Sunday, November 29, 2009

From Chicago to New Mexico

Paul and I just spent a beautiful week in Chicago and the Chicago suburbs with his family. I love to visit there--the Christkindl German Market on Daley Plaza (drinking mulled wine, eating brats and fresh strudel) followed by the lighting of the Christmas tree with hundreds of Chicagoans. The lights along Michigan Avenue. A sumptuous Thankgiving dinner served up by Theresa and Mike Resnick. Breakfast at Max and Benny's.

Paul came to New Mexico over 24 years ago, as a freshman at UNM, and never left. And he'll never leave. He has lived in New Mexico as many years as I have, regardless of the fact that I was born and raised (to age 18) in Santa Fe. Paul is like so many others; New Mexico is home to them and they feel as fiercely devoted to this place, landscape, and people as those who have been here for generations.

This year, I am thankful for everyone who has made Santa Fe and New Mexico their home and who works hard to improve life for its families, for its elderly, and for those who protect the land and water, here, at every step.

I am also thankful for Paul, my family, my friends, and for all the amazing people who I've been able to work with in my tenure as Poet Laureate, including the Lines and Circles families. I am very lucky and very fortunate.

Tuesday, November 10, 2009

A Poem

HISTORY, APOLOGY

Long ago, in a class with N. Scott Momaday,
after reading his Way to Rainy Mountain,

considering a blurb on the back cover that read:
“This book nags at the White man’s conscience,”

a twenty-something woman declared,
that she would not and could not feel guilty

for terrible things her ancestors had done
that she had nothing to do with, and hated.

Michelle, a seventh generation New Mexican,
fingers tacos in a booth at Tomasita’s¸ says

"It’s hard to live this way, Hispanic, Latina,
whatever you want to call me, when I do love

our traditions, when mother’s side claims pure
Spanish blood, and knowing Oñate

and the others tore through this land hell-bent
on conversion, ownership, blood on their hands.

Was there no one like me, then, against these ways?"
And Luis, on the La Luz Trail, showing me

hoary cress, wild candytuft, Alpine clover, saying
"Which part of me is Navajo grandmother,

Chicano father, White mother?

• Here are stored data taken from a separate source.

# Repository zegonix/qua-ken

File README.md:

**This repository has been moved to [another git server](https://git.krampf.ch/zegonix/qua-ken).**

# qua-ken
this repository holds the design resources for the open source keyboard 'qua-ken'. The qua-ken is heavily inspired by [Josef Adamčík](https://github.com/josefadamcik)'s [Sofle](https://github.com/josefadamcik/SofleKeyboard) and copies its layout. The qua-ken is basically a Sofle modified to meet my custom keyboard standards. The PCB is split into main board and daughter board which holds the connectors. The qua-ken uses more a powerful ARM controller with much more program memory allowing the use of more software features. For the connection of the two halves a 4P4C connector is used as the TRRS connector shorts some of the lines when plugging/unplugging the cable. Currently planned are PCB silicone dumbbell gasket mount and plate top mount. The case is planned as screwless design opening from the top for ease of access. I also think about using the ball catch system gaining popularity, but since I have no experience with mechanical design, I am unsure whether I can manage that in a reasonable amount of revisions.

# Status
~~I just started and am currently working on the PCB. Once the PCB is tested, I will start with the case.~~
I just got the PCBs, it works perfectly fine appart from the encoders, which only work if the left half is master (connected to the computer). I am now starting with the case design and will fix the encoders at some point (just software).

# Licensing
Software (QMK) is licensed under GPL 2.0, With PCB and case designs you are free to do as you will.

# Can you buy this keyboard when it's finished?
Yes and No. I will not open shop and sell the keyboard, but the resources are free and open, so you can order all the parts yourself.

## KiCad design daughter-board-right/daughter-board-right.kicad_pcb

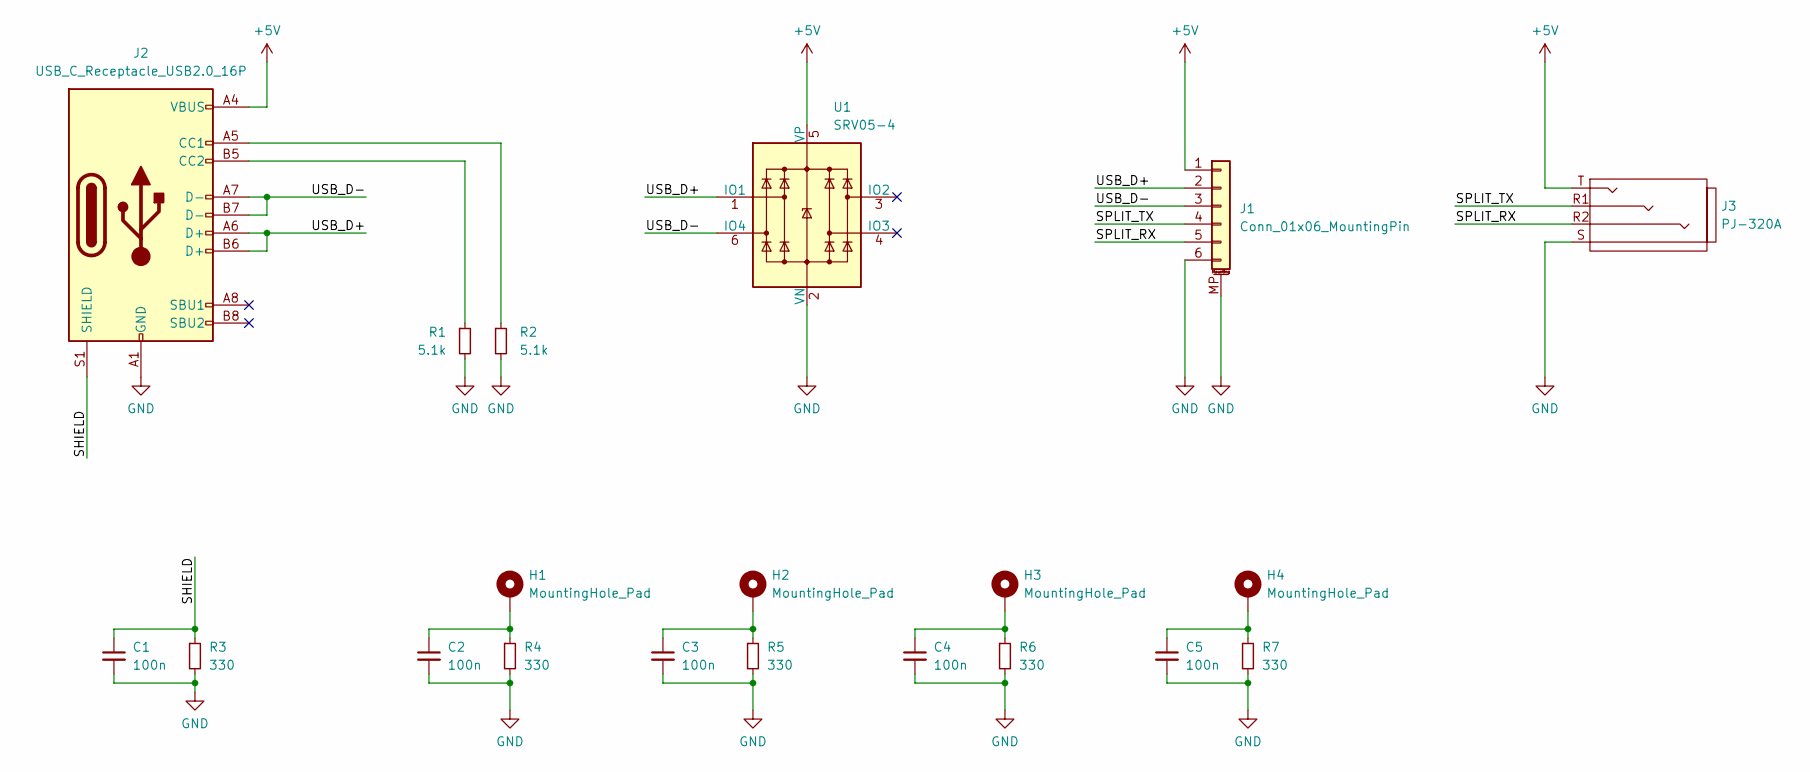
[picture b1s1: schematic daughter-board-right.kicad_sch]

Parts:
C1, C2, C3, C4, C5: 100n; C_0603_1608Metric
H1, H2, H3, H4: MountingHole_Pad; MountingHole_2.2mm_M2_DIN965_Pad_TopBottom
J1: Conn_01x06_MountingPin; JST_SH_SM06B-SRSS-TB_1x06-1MP_P1.00mm_Horizontal
J2: USB_C_Receptacle_USB2.0_16P; USB_C_Receptacle_HRO_TYPE-C-31-M-12
J3: PJ-320A; TRRS_Receptable
R1, R2: 5.1k; R_0603_1608Metric
R3, R4, R5, R6, R7: 330; R_0603_1608Metric
U1: SRV05-4; SOT-23-6-routable

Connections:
+5V: J1.1, J2.A4 (VBUS), J2.A9 (VBUS), J2.B4 (VBUS), J2.B9 (VBUS), J3.T, U1.5 (VP)
/SHIELD: C1.1, J2.S1 (SHIELD), R3.1
/SPLIT_RX: J1.5, J3.R2
/SPLIT_TX: J1.4, J3.R1
/USB_D+: J1.2, J2.A6 (D+), J2.B6 (D+), U1.1 (IO1)
/USB_D-: J1.3, J2.A7 (D-), J2.B7 (D-), U1.6 (IO4)
GND: C1.2, C2.2, C3.2, C4.2, C5.2, J1.6, J1.MP (MountPin), J2.A1 (GND), J2.A12 (GND), J2.B1 (GND), J2.B12 (GND), J3.S, R1.2, R2.2, R3.2, R4.2, R5.2, R6.2, R7.2, U1.2 (VN)
unnamed: C2.1, H1.1, R4.1
unnamed: C3.1, H2.1, R5.1
unnamed: C4.1, H3.1, R6.1
unnamed: C5.1, H4.1, R7.1
unnamed: J2.A5 (CC1), R2.1
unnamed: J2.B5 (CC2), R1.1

Feet to femurs,
pelvis to pecs, shoulder blades to the top of my head?

Sometimes, I don’t know where each begins and end;
they rage at each other in my veins. Someday,

I am going to write a letter to each man in me,
in me, Indian, Mexican, White, who never forgets."

Shé éí Valerie yinishyé—I know there is no way
to sever the blood ties that tether me to my ancestors,
to history. They are the same umbilical that roots me
in the land. I grieve for what my Spanish ancestors
wrought as a result of ignorance, greed, want,
and the dictates of far-off governments.
And if they also brought forms of beauty
(here, on the streets of this capital city)
I remember that there are no adequate reparations.
No. I apologize. I realize my obligation to honor
the survivors and their ways as if, one snowy afternoon,
I come upon their cave dwelling, camp, village, pueblo,
a half-woman asking for food, hearth, finished limbs,
and a heart made complete by association.



VM, forthcoming in And They
Called It Horizon
, Sunstone
Press, 2010

Monday, November 2, 2009

SAGE Magazine 20 Women Making a Difference Luncheon

Please join me and nineteen other winners of the SAGE Magazine "Twenty Women Making a Difference" Award for a luncheon this Wednesday, November 4th at 11:30 a.m. at the Sandia Resort in Albuquerque. I am honored to be part of this group of women--their accomplishments are simply wonderful.